• _Task directions_
Scan the records below for the line containing "#95=DIRECTION('',(-1.,0.,0.));" and the line containing "#124=AXIS2_PLACEMENT_3D('',#121,#122,#123);". Copy both, plus every line between, exactly.

Collection entries:
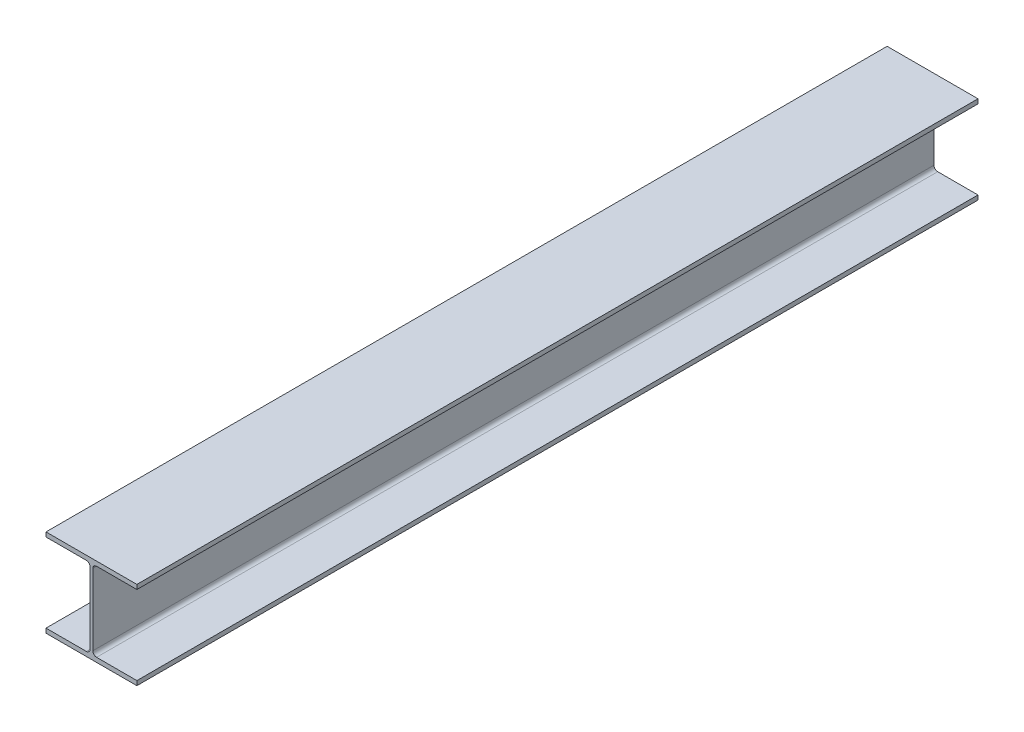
ISO-10303-21;
HEADER;
FILE_DESCRIPTION(('STEP AP214'),'2;1');
FILE_NAME('part.step','',(''),(''),'','','');
FILE_SCHEMA(('AUTOMOTIVE_DESIGN { 1 0 10303 214 1 1 1 1 }'));
ENDSEC;
DATA;
#1=APPLICATION_CONTEXT('core data for automotive mechanical design processes');
#2=APPLICATION_PROTOCOL_DEFINITION('international standard','automotive_design',2000,#1);
#3=PRODUCT_CONTEXT('',#1,'mechanical');
#4=PRODUCT('Part','Part','',(#3));
#5=PRODUCT_RELATED_PRODUCT_CATEGORY('part','',(#4));
#6=PRODUCT_DEFINITION_FORMATION('','',#4);
#7=PRODUCT_DEFINITION_CONTEXT('part definition',#1,'design');
#8=PRODUCT_DEFINITION('design','',#6,#7);
#9=PRODUCT_DEFINITION_SHAPE('','',#8);
#10=(LENGTH_UNIT() NAMED_UNIT(*) SI_UNIT(.MILLI.,.METRE.));
#11=(NAMED_UNIT(*) PLANE_ANGLE_UNIT() SI_UNIT($,.RADIAN.));
#12=(NAMED_UNIT(*) SI_UNIT($,.STERADIAN.) SOLID_ANGLE_UNIT());
#13=UNCERTAINTY_MEASURE_WITH_UNIT(LENGTH_MEASURE(1.E-05),#10,'distance_accuracy_value','');
#14=(GEOMETRIC_REPRESENTATION_CONTEXT(3) GLOBAL_UNCERTAINTY_ASSIGNED_CONTEXT((#13)) GLOBAL_UNIT_ASSIGNED_CONTEXT((#10,
#11,#12)) REPRESENTATION_CONTEXT('',''));
#15=CARTESIAN_POINT('',(0.,0.,0.));
#16=DIRECTION('',(0.,0.,1.));
#17=DIRECTION('',(1.,0.,0.));
#18=AXIS2_PLACEMENT_3D('',#15,#16,#17);
#19=CARTESIAN_POINT('',(184.404,-178.054,3413.125));
#20=DIRECTION('',(0.,1.,0.));
#21=DIRECTION('',(0.,0.,1.));
#22=AXIS2_PLACEMENT_3D('',#19,#20,#21);
#23=PLANE('',#22);
#24=DIRECTION('',(1.,0.,0.));
#25=VECTOR('',#24,1.);
#26=CARTESIAN_POINT('',(184.404,-178.054,0.));
#27=LINE('',#26,#25);
#28=CARTESIAN_POINT('',(-184.404,-178.054,0.));
#29=VERTEX_POINT('',#28);
#30=CARTESIAN_POINT('',(184.404,-178.054,0.));
#31=VERTEX_POINT('',#30);
#32=EDGE_CURVE('E179',#29,#31,#27,.T.);
#33=ORIENTED_EDGE('',*,*,#32,.T.);
#34=DIRECTION('',(0.,0.,-1.));
#35=VECTOR('',#34,1.);
#36=CARTESIAN_POINT('',(184.404,-178.054,3413.125));
#37=LINE('',#36,#35);
#38=CARTESIAN_POINT('',(184.404,-178.054,3413.125));
#39=VERTEX_POINT('',#38);
#40=EDGE_CURVE('E11',#39,#31,#37,.T.);
#41=ORIENTED_EDGE('',*,*,#40,.F.);
#42=DIRECTION('',(1.,0.,0.));
#43=VECTOR('',#42,1.);
#44=CARTESIAN_POINT('',(184.404,-178.054,3413.125));
#45=LINE('',#44,#43);
#46=CARTESIAN_POINT('',(-184.404,-178.054,3413.125));
#47=VERTEX_POINT('',#46);
#48=EDGE_CURVE('E209',#47,#39,#45,.T.);
#49=ORIENTED_EDGE('',*,*,#48,.F.);
#50=DIRECTION('',(0.,0.,-1.));
#51=VECTOR('',#50,1.);
#52=CARTESIAN_POINT('',(-184.404,-178.054,3413.125));
#53=LINE('',#52,#51);
#54=EDGE_CURVE('E175',#47,#29,#53,.T.);
#55=ORIENTED_EDGE('',*,*,#54,.T.);
#56=EDGE_LOOP('',(#33,#41,#49,#55));
#57=FACE_BOUND('',#56,.T.);
#58=ADVANCED_FACE('F35',(#57),#23,.F.);
#59=CARTESIAN_POINT('',(184.404,-160.02,3413.125));
#60=DIRECTION('',(-1.,0.,0.));
#61=DIRECTION('',(0.,0.,1.));
#62=AXIS2_PLACEMENT_3D('',#59,#60,#61);
#63=PLANE('',#62);
#64=DIRECTION('',(0.,1.,0.));
#65=VECTOR('',#64,1.);
#66=CARTESIAN_POINT('',(184.404,-160.02,0.));
#67=LINE('',#66,#65);
#68=CARTESIAN_POINT('',(184.404,-160.02,0.));
#69=VERTEX_POINT('',#68);
#70=EDGE_CURVE('E182',#31,#69,#67,.T.);
#71=ORIENTED_EDGE('',*,*,#70,.T.);
#72=DIRECTION('',(0.,0.,-1.));
#73=VECTOR('',#72,1.);
#74=CARTESIAN_POINT('',(184.404,-160.02,3413.125));
#75=LINE('',#74,#73);
#76=CARTESIAN_POINT('',(184.404,-160.02,3413.125));
#77=VERTEX_POINT('',#76);
#78=EDGE_CURVE('E43',#77,#69,#75,.T.);
#79=ORIENTED_EDGE('',*,*,#78,.F.);
#80=DIRECTION('',(0.,1.,0.));
#81=VECTOR('',#80,1.);
#82=CARTESIAN_POINT('',(184.404,-160.02,3413.125));
#83=LINE('',#82,#81);
#84=EDGE_CURVE('E118',#39,#77,#83,.T.);
#85=ORIENTED_EDGE('',*,*,#84,.F.);
#86=ORIENTED_EDGE('',*,*,#40,.T.);
#87=EDGE_LOOP('',(#71,#79,#85,#86));
#88=FACE_BOUND('',#87,.T.);
#89=ADVANCED_FACE('F307',(#88),#63,.F.);
#90=CARTESIAN_POINT('',(20.8280000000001,-160.02,3413.125));
#91=DIRECTION('',(0.,-1.,0.));
#92=DIRECTION('',(1.,0.,0.));
#93=AXIS2_PLACEMENT_3D('',#90,#91,#92);
#94=PLANE('',#93);
#95=DIRECTION('',(-1.,0.,0.));
#96=VECTOR('',#95,1.);
#97=CARTESIAN_POINT('',(20.8280000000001,-160.02,0.));
#98=LINE('',#97,#96);
#99=CARTESIAN_POINT('',(20.8280000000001,-160.02,0.));
#100=VERTEX_POINT('',#99);
#101=EDGE_CURVE('E184',#69,#100,#98,.T.);
#102=ORIENTED_EDGE('',*,*,#101,.T.);
#103=DIRECTION('',(0.,0.,-1.));
#104=VECTOR('',#103,1.);
#105=CARTESIAN_POINT('',(20.8280000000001,-160.02,3413.125));
#106=LINE('',#105,#104);
#107=CARTESIAN_POINT('',(20.8280000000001,-160.02,3413.125));
#108=VERTEX_POINT('',#107);
#109=EDGE_CURVE('E240',#108,#100,#106,.T.);
#110=ORIENTED_EDGE('',*,*,#109,.F.);
#111=DIRECTION('',(-1.,0.,0.));
#112=VECTOR('',#111,1.);
#113=CARTESIAN_POINT('',(20.8280000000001,-160.02,3413.125));
#114=LINE('',#113,#112);
#115=EDGE_CURVE('E248',#77,#108,#114,.T.);
#116=ORIENTED_EDGE('',*,*,#115,.F.);
#117=ORIENTED_EDGE('',*,*,#78,.T.);
#118=EDGE_LOOP('',(#102,#110,#116,#117));
#119=FACE_BOUND('',#118,.T.);
#120=ADVANCED_FACE('F246',(#119),#94,.F.);
#121=CARTESIAN_POINT('',(20.8280000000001,-144.78,3413.125));
#122=DIRECTION('',(0.,0.,-1.));
#123=DIRECTION('',(-1.,0.,0.));
#124=AXIS2_PLACEMENT_3D('',#121,#122,#123);
#125=CYLINDRICAL_SURFACE('',#124,15.2400000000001);
#126=CARTESIAN_POINT('',(20.8280000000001,-144.78,0.));
#127=DIRECTION('',(0.,0.,-1.));
#128=DIRECTION('',(1.,0.,0.));
#129=AXIS2_PLACEMENT_3D('',#126,#127,#128);
#130=CIRCLE('',#129,15.2400000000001);
#131=CARTESIAN_POINT('',(5.58799999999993,-144.78,0.));
#132=VERTEX_POINT('',#131);
#133=EDGE_CURVE('E186',#100,#132,#130,.T.);
#134=ORIENTED_EDGE('',*,*,#133,.T.);
#135=DIRECTION('',(0.,0.,-1.));
#136=VECTOR('',#135,1.);
#137=CARTESIAN_POINT('',(5.58799999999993,-144.78,3413.125));
#138=LINE('',#137,#136);
#139=CARTESIAN_POINT('',(5.58799999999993,-144.78,3413.125));
#140=VERTEX_POINT('',#139);
#141=EDGE_CURVE('E237',#140,#132,#138,.T.);
#142=ORIENTED_EDGE('',*,*,#141,.F.);
#143=CARTESIAN_POINT('',(20.8280000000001,-144.78,3413.125));
#144=DIRECTION('',(0.,0.,-1.));
#145=DIRECTION('',(1.,0.,0.));
#146=AXIS2_PLACEMENT_3D('',#143,#144,#145);
#147=CIRCLE('',#146,15.2400000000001);
#148=EDGE_CURVE('E266',#108,#140,#147,.T.);
#149=ORIENTED_EDGE('',*,*,#148,.F.);
#150=ORIENTED_EDGE('',*,*,#109,.T.);
#151=EDGE_LOOP('',(#134,#142,#149,#150));
#152=FACE_BOUND('',#151,.T.);
#153=ADVANCED_FACE('F257',(#152),#125,.F.);
#154=CARTESIAN_POINT('',(5.58799999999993,144.78,3413.125));
#155=DIRECTION('',(-1.,0.,0.));
#156=DIRECTION('',(0.,0.,1.));
#157=AXIS2_PLACEMENT_3D('',#154,#155,#156);
#158=PLANE('',#157);
#159=DIRECTION('',(0.,1.,0.));
#160=VECTOR('',#159,1.);
#161=CARTESIAN_POINT('',(5.58799999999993,144.78,0.));
#162=LINE('',#161,#160);
#163=CARTESIAN_POINT('',(5.58799999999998,144.78,0.));
#164=VERTEX_POINT('',#163);
#165=EDGE_CURVE('E188',#132,#164,#162,.T.);
#166=ORIENTED_EDGE('',*,*,#165,.T.);
#167=DIRECTION('',(0.,0.,-1.));
#168=VECTOR('',#167,1.);
#169=CARTESIAN_POINT('',(5.58799999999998,144.78,3413.125));
#170=LINE('',#169,#168);
#171=CARTESIAN_POINT('',(5.58799999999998,144.78,3413.125));
#172=VERTEX_POINT('',#171);
#173=EDGE_CURVE('E234',#172,#164,#170,.T.);
#174=ORIENTED_EDGE('',*,*,#173,.F.);
#175=DIRECTION('',(0.,1.,0.));
#176=VECTOR('',#175,1.);
#177=CARTESIAN_POINT('',(5.58799999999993,144.78,3413.125));
#178=LINE('',#177,#176);
#179=EDGE_CURVE('E263',#140,#172,#178,.T.);
#180=ORIENTED_EDGE('',*,*,#179,.F.);
#181=ORIENTED_EDGE('',*,*,#141,.T.);
#182=EDGE_LOOP('',(#166,#174,#180,#181));
#183=FACE_BOUND('',#182,.T.);
#184=ADVANCED_FACE('F261',(#183),#158,.F.);
#185=CARTESIAN_POINT('',(20.828,144.78,3413.125));
#186=DIRECTION('',(0.,0.,-1.));
#187=DIRECTION('',(-1.,0.,0.));
#188=AXIS2_PLACEMENT_3D('',#185,#186,#187);
#189=CYLINDRICAL_SURFACE('',#188,15.24);
#190=CARTESIAN_POINT('',(20.828,144.78,0.));
#191=DIRECTION('',(0.,0.,-1.));
#192=DIRECTION('',(1.,0.,0.));
#193=AXIS2_PLACEMENT_3D('',#190,#191,#192);
#194=CIRCLE('',#193,15.24);
#195=CARTESIAN_POINT('',(20.828,160.02,0.));
#196=VERTEX_POINT('',#195);
#197=EDGE_CURVE('E190',#164,#196,#194,.T.);
#198=ORIENTED_EDGE('',*,*,#197,.T.);
#199=DIRECTION('',(0.,0.,-1.));
#200=VECTOR('',#199,1.);
#201=CARTESIAN_POINT('',(20.828,160.02,3413.125));
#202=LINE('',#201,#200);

• _Written response_
#95=DIRECTION('',(-1.,0.,0.));
#96=VECTOR('',#95,1.);
#97=CARTESIAN_POINT('',(20.8280000000001,-160.02,0.));
#98=LINE('',#97,#96);
#99=CARTESIAN_POINT('',(20.8280000000001,-160.02,0.));
#100=VERTEX_POINT('',#99);
#101=EDGE_CURVE('E184',#69,#100,#98,.T.);
#102=ORIENTED_EDGE('',*,*,#101,.T.);
#103=DIRECTION('',(0.,0.,-1.));
#104=VECTOR('',#103,1.);
#105=CARTESIAN_POINT('',(20.8280000000001,-160.02,3413.125));
#106=LINE('',#105,#104);
#107=CARTESIAN_POINT('',(20.8280000000001,-160.02,3413.125));
#108=VERTEX_POINT('',#107);
#109=EDGE_CURVE('E240',#108,#100,#106,.T.);
#110=ORIENTED_EDGE('',*,*,#109,.F.);
#111=DIRECTION('',(-1.,0.,0.));
#112=VECTOR('',#111,1.);
#113=CARTESIAN_POINT('',(20.8280000000001,-160.02,3413.125));
#114=LINE('',#113,#112);
#115=EDGE_CURVE('E248',#77,#108,#114,.T.);
#116=ORIENTED_EDGE('',*,*,#115,.F.);
#117=ORIENTED_EDGE('',*,*,#78,.T.);
#118=EDGE_LOOP('',(#102,#110,#116,#117));
#119=FACE_BOUND('',#118,.T.);
#120=ADVANCED_FACE('F246',(#119),#94,.F.);
#121=CARTESIAN_POINT('',(20.8280000000001,-144.78,3413.125));
#122=DIRECTION('',(0.,0.,-1.));
#123=DIRECTION('',(-1.,0.,0.));
#124=AXIS2_PLACEMENT_3D('',#121,#122,#123);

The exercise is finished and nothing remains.